## Work to complete
Copy out every line in the entries below that includes "state".

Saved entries
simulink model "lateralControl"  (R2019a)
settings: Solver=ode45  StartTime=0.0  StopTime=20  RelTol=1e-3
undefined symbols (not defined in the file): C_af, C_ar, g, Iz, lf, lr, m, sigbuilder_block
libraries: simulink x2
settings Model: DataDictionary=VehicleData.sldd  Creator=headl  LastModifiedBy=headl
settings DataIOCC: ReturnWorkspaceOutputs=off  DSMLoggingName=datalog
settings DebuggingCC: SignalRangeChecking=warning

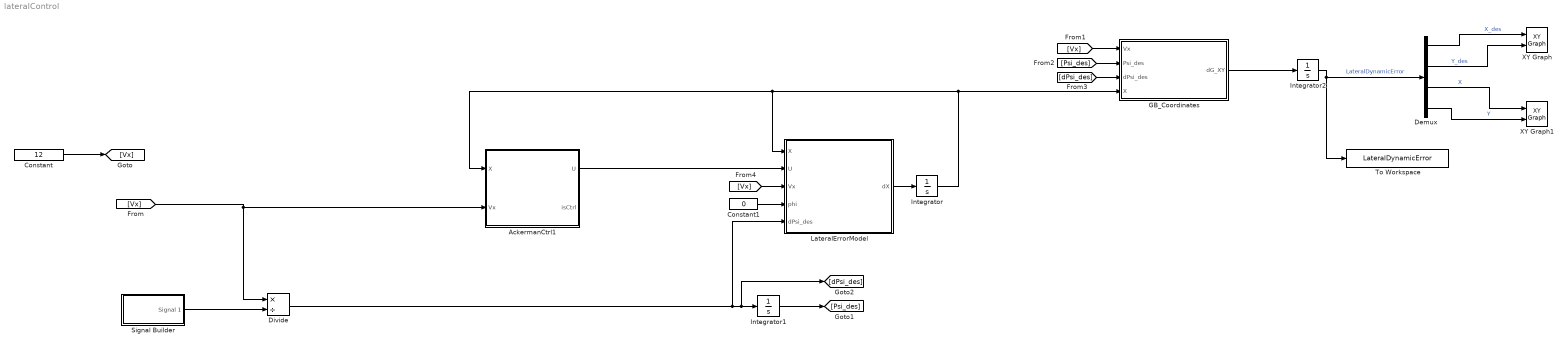
== system lateralControl ==
  AckermanCtrl1 : MATLAB Function  TreatAsAtomicUnit=on
  Constant : Constant  Value=12
  Constant1 : Constant  Value=0
  Demux : Demux
  Divide : Product  Inputs=*/
  GB_Coordinates : MATLAB Function  TreatAsAtomicUnit=on
  Integrator : Integrator  InitialCondition=[1;1;1;1]
  Integrator1 : Integrator
  Integrator2 : Integrator  InitialCondition=[0;0;0;0]
  LateralErrorModel : MATLAB Function  TreatAsAtomicUnit=on
  Signal Builder : Subsystem  Tag=STV Subsys  LoadFcn=sigbuilder_block('load');  StartFcn=sigbuilder_block('start');  StopFcn=sigbuilder_block('stop');  ClipboardFcn=sigbuilder_block('clipboard');  mask(Sigbuilder block){tuvar=[0:10]}
      mask help: Simulink:masks:SigbuilderBlock_MD
      mask init:
      | if ~strcmp(get_param(bdroot(gcbh),'SimulationStatus'),'stopped') tuvar = sigbuilder_block('maskInit'); end
      settings: CopyFcn=sigbuilder_block('copy');  DeleteFcn=sigbuilder_block('delete');  ModelCloseFcn=sigbuilder_block('modelClose');  PreSaveFcn=sigbuilder_block('preSave');  PauseFcn=sigbuilder_block('pause');  ContinueFcn=sigbuilder_block('continue');  NameChangeFcn=sigbuilder_block('namechange');  OpenFcn=sigbuilder_block('open',[437.6 199.2 550.4 400 ]);  CloseFcn=sigbuilder_block('close');
      mask Display: plot(0, 0, 100, 100,[2, 2, 32, 32, 2], [68, 8, 8, 68, 68],[32, 2], [38, 38], [32, 19, 2],[53, 60, 44], [32, 17, 17, 2],[16, 16, 31, 31]);txt = getActiveGroup(gcbh);text(2, 100, txt,'verticalAlignment', 'top');
  To Workspace : ToWorkspace  VariableName=LateralDynamicError  SampleTime=-1
  XY Graph : simulink/Sinks/XY Graph  xmin=-20  xmax=100  ymin=-20  ymax=100  st=-1
  XY Graph1 : simulink/Sinks/XY Graph  xmin=-20  xmax=100  ymin=-20  ymax=100  st=-1
  wires:
  LateralErrorModel/1(dX) -> Integrator/1
  Integrator/1 -> GB_Coordinates/4(X), AckermanCtrl1/1(X), LateralErrorModel/1(X)
  Constant1/1 -> LateralErrorModel/4(phi)
  Signal Builder/1(Signal 1) -> Divide/2
  GB_Coordinates/1(dG_XY) -> Integrator2/1
  [Vx] -> AckermanCtrl1/2(Vx), Divide/1
  Constant/1 -> [Vx]
  [Vx] -> GB_Coordinates/1(Vx)
  Divide/1 -> LateralErrorModel/5(dPsi_des), [dPsi_des], Integrator1/1
  Integrator1/1 -> [Psi_des]
  [Psi_des] -> GB_Coordinates/2(Psi_des)
  [dPsi_des] -> GB_Coordinates/3(dPsi_des)
  Integrator2/1 -> To Workspace/1, Demux/1  "LateralDynamicError"
  Demux/1 -> XY Graph/1  "X_des"
  Demux/2 -> XY Graph/2  "Y_des"
  Demux/3 -> XY Graph1/1  "X"
  Demux/4 -> XY Graph1/2  "Y"
  [Vx] -> LateralErrorModel/3(Vx)
  AckermanCtrl1/1(U) -> LateralErrorModel/2(U)

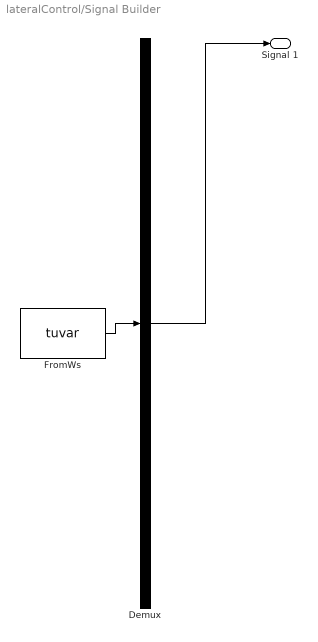
== system lateralControl/Signal Builder ==
  Demux : Demux  Tag=STV Demux  Outputs=1
  FromWs : FromWorkspace  Tag=STV FromWs  VariableName=tuvar  SampleTime=0
      SigBuilderData=|
      | common.afterFinalStr = 'Extrapolate'
      | common.sampleTime = 0
      | dataSet.timeRange = [0 20]
      | dataSet.name = 'Group 1'
      | sbobj.Groups.Name = 'Group 1'
      | sbobj.Groups.Signals.Name = 'Signal 1'
      | sbobj.Groups.Signals.XData = [0 5 5 10 10 15 15 20]
      | sbobj.Groups.Signals.YData = [50 50 -50 -50 50 50 -50 -50]
      | sbobj.Groups.TimeRange = [0 20]
  Signal 1 : Outport  Tag=STV Outport
  wires:
  Demux/1 -> Signal 1/1
  FromWs/1 -> Demux/1

== matlab function lateralControl/LateralErrorModel ==
  data: X input; dX output; U input; Vx input; phi input; dPsi_des input; g parameter; C_af parameter; C_ar parameter; lf parameter; lr parameter; Iz parameter; m parameter
% ******************* Lateral dynamic model of error *****************
%*********************************************************************
% Author: L.Arturo Torres-Romero
% Date: 22-10-2020
% This controller controlls the direction of a car, based in the dynamics
% described  in the next link and using the Ackerman formulation: 
% https://www.researchgate.net/publication/340166902_LATERAL_VEHICLE_DYNAMICS_AND_CONTROLLERS_DESIGN


%******************* PARAMETERS DESCRIPTIONS **********************
%******************************************************************
% m: vehicle mass
% g: gravity
% C_af : Cornering  stiffness  of  front  wheels.
% C_ar : Cornering  stiffness  of  rear  wheels.
% lf : distance fron the center of gravity to the front wheel axis.
% lr : distance fron the center of gravity to the rear wheel axis.
% Iz : this is the momentum of inertia of the vehicle respect the z axis.
%******************************************************************
%******************* INPUTS DESCRIPTIONS **************************
%******************************************************************
% X:   (column vector)[e1;de1;e2;de2] states of the state space of 
%       the system that includes the errors as follows:
%      e1  : is the lateral position error respect the road.
%      de1 : derivative of e1.
%      e2  : is the yaw angle error with respect the road. 
%      de2 : derivarive of the e2.

% U: (rad) angle in radians of the front wheel respect to longitudinal
%     vehicle axis
% Vx: (m/s) Logitudinal velocity.
% phi: (rad)inclination of the road.
% dPsi_des: (rad/s)angular velocity of the yaw. (orientation of the car.


%******************************************************************
% ******************* OUTPUTS DESCRIPTIONS ************************
%******************************************************************
% dX: derivative of X.
%******************************************************************

function dX = lateralErrorModel(X,U,Vx,phi,dPsi_des, g, C_af, C_ar, lf, lr, Iz, m)
dX = [0;0;0;0];
e1 =  X(1);
de1 = X(2);
e2 =  X(3);
de2 = X(4);

%**************************************************
%******* Matrix A formulation *********************
A22 = -(2*C_af + 2*C_ar)/(m*Vx);
A23 = (2*C_af + 2*C_ar)/m;
A24 = (-2*C_af*lf + 2*C_ar*lr)/(m*Vx);
A42 = -(2*C_af*lf - 2*C_ar*lr)/(Iz*Vx);
A43 = (2*C_af*lf - 2*C_ar*lr)/Iz;
A44 = -(2*C_af*lf^2 + 2*C_ar*lr^2)/(Iz*Vx);

A = [0 1 0 0;0 A22 A23 A24;0 0 0 1;0 A42 A43 A44];
%**************************************************

%**************************************************
%******* Matrix B1 formulation ********************
B1_2 = 2*C_af/m;
B1_4 = 2*C_af*lf/Iz;

B1 = [0;B1_2;0;B1_4];
%***************************************************

%***************************************************
%******* Matrix B2 formulation *********************
B2_2 = -(2*C_af*lf - 2*C_ar*lr)/(m*Vx) - Vx;
B2_4 = -(2*C_af*lf^2 + 2*C_ar*lr^2)/(Iz*Vx);

B2 = [0;B2_2;0;B2_4];
%***************************************************


%***************************************************
%******* Matrix B3 formulation *********************
B3 = [0;g;0;0];
%***************************************************


dX = A*X + B1*U + B2*dPsi_des + B3*sin(phi);

== matlab function lateralControl/GB_Coordinates ==
  data: Vx input; dG_XY output; Psi_des input; dPsi_des input; X input
function dG_XY = GB_Coordinates(Vx,Psi_des,dPsi_des,X)
dG_XY = [0;0;0;0];
e1 = X(1);
de1 = X(2);
e2 = X(3);
de2 = X(4);

%Global Coordinates calculation
%V = sqrt(Vx^2+de1^2);
G_dX_des = Vx*cos(Psi_des);
G_dY_des = Vx*sin(Psi_des);
G_dX = G_dX_des  - (de1*sin(e2 + Psi_des ) + e1*cos(e2 + Psi_des)*(de2 + dPsi_des));
G_dY = G_dY_des  + (de1*cos(e2 + Psi_des ) - e1*sin(e2 + Psi_des)*(de2 + dPsi_des));


dG_XY(1) = G_dX_des;
dG_XY(2) = G_dY_des;
dG_XY(3) = G_dX;
dG_XY(4) = G_dY;

== matlab function lateralControl/AckermanCtrl1 ==
  data: U output size=1; X input; Vx input; isCtrl output; C_af parameter; g parameter; C_ar parameter; lf parameter; lr parameter; Iz parameter; m parameter
% ******************* Lateral dynamic controller *********************
%*********************************************************************
% Author: L.Arturo Torres-Romero
% Date: 22-10-2020
% This controller controlls the direction of a car, based in the dynamics
% described  in the next link and using the Ackerman formulation: 
% https://www.researchgate.net/publication/340166902_LATERAL_VEHICLE_DYNAMICS_AND_CONTROLLERS_DESIGN


%******************* PARAMETERS DESCRIPTIONS **********************
%******************************************************************
% m: vehicle mass
% g: gravity
% C_af : Cornering  stiffness  of  front  wheels.
% C_ar : Cornering  stiffness  of  rear  wheels.
% lf : distance fron the center of gravity to the front wheel axis.
% lr : distance fron the center of gravity to the rear wheel axis.
% Iz : this is the momentum of inertia of the vehicle respect the z axis.
%******************************************************************
%******************* INPUTS DESCRIPTIONS **************************
%******************************************************************
% X:   (column vector)[e1;de1;e2;de2] states of the state space of 
%       the system that includes the errors as follows:
%      e1  : is the lateral position error respect the road.
%      de1 : derivative of e1.
%      e2  : is the yaw angle error with respect the road. 
%      de2 : derivarive of the e2.

% Vx: Logitudinal velocity.



%******************************************************************
% ******************* OUTPUTS DESCRIPTIONS ************************
%******************************************************************
% U: control coutput in radians. Angle of the frontal wheels respect to the
%    longitudinal axis
% isCtrl: when true means that the matrix Mc has full rank, and hence, the
%         system is controllable


%******************************************************************


function [U,isCtrl] = AckermanLateralCtrl(X, Vx, C_af, g, C_ar, lf, lr, Iz, m) % pd polos deseados

%**************************************************
%******* Matrix A formulation *********************
A22 = -(2*C_af + 2*C_ar)/(m*Vx);
A23 = (2*C_af + 2*C_ar)/m;
A24 = (-2*C_af*lf + 2*C_ar*lr)/(m*Vx);
A42 = -(2*C_af*lf - 2*C_ar*lr)/(Iz*Vx);
A43 = (2*C_af*lf - 2*C_ar*lr)/Iz;
A44 = -(2*C_af*lf^2 + 2*C_ar*lr^2)/(Iz*Vx);

A = [0 1 0 0;0 A22 A23 A24;0 0 0 1;0 A42 A43 A44];
%**************************************************

%**************************************************
%******* Matrix B1 formulation ********************
B1_2 = 2*C_af/m;
B1_4 = 2*C_af*lf/Iz;

B1 = [0;B1_2;0;B1_4];
%***************************************************

%***************************************************
%******* Matrix B2 formulation *********************
B2_2 = -(2*C_af*lf - 2*C_ar*lr)/(m*Vx) - Vx;
B2_4 = -(2*C_af*lf^2 + 2*C_ar*lr^2)/(Iz*Vx);

B2 = [0;B2_2;0;B2_4];
%***************************************************


%***************************************************
%******* Matrix B3 formulation *********************
B3 = [0;g;0;0];
%***************************************************


%***************************************************
%******* Verification of controllability and output 
% calculation of the controller
%**************************************************
ctrlVal = 0;
Mc = [B1 A*B1 A^2*B1 A^3*B1];
rankVal = rank(Mc);
    if rankVal < size(A,1)
        %disp('Not completely state controllable');
        isCtrl = 0;
        ctrlVal = 0;
    else
        %disp('Completely state controllable');
        isCtrl = 1;
        % Pole placement
        Pd =[-5-3i -5+3i -7 -10];
        %Pd =[-2 -2 -2 -2];

        H = (A- Pd(1)*eye(4)) * (A- Pd(2)*eye(4)) * (A- Pd(3)*eye(4)) * (A- Pd(4)*eye(4));

        %ackerman formula
        K = [0 0 0 1]*Mc^-1*H;
        ctrlVal = -K*X;  
    end


U = real(ctrlVal);

## Answer section
% X:   (column vector)[e1;de1;e2;de2] states of the state space of 
% X:   (column vector)[e1;de1;e2;de2] states of the state space of 
        %disp('Not completely state controllable');
        %disp('Completely state controllable');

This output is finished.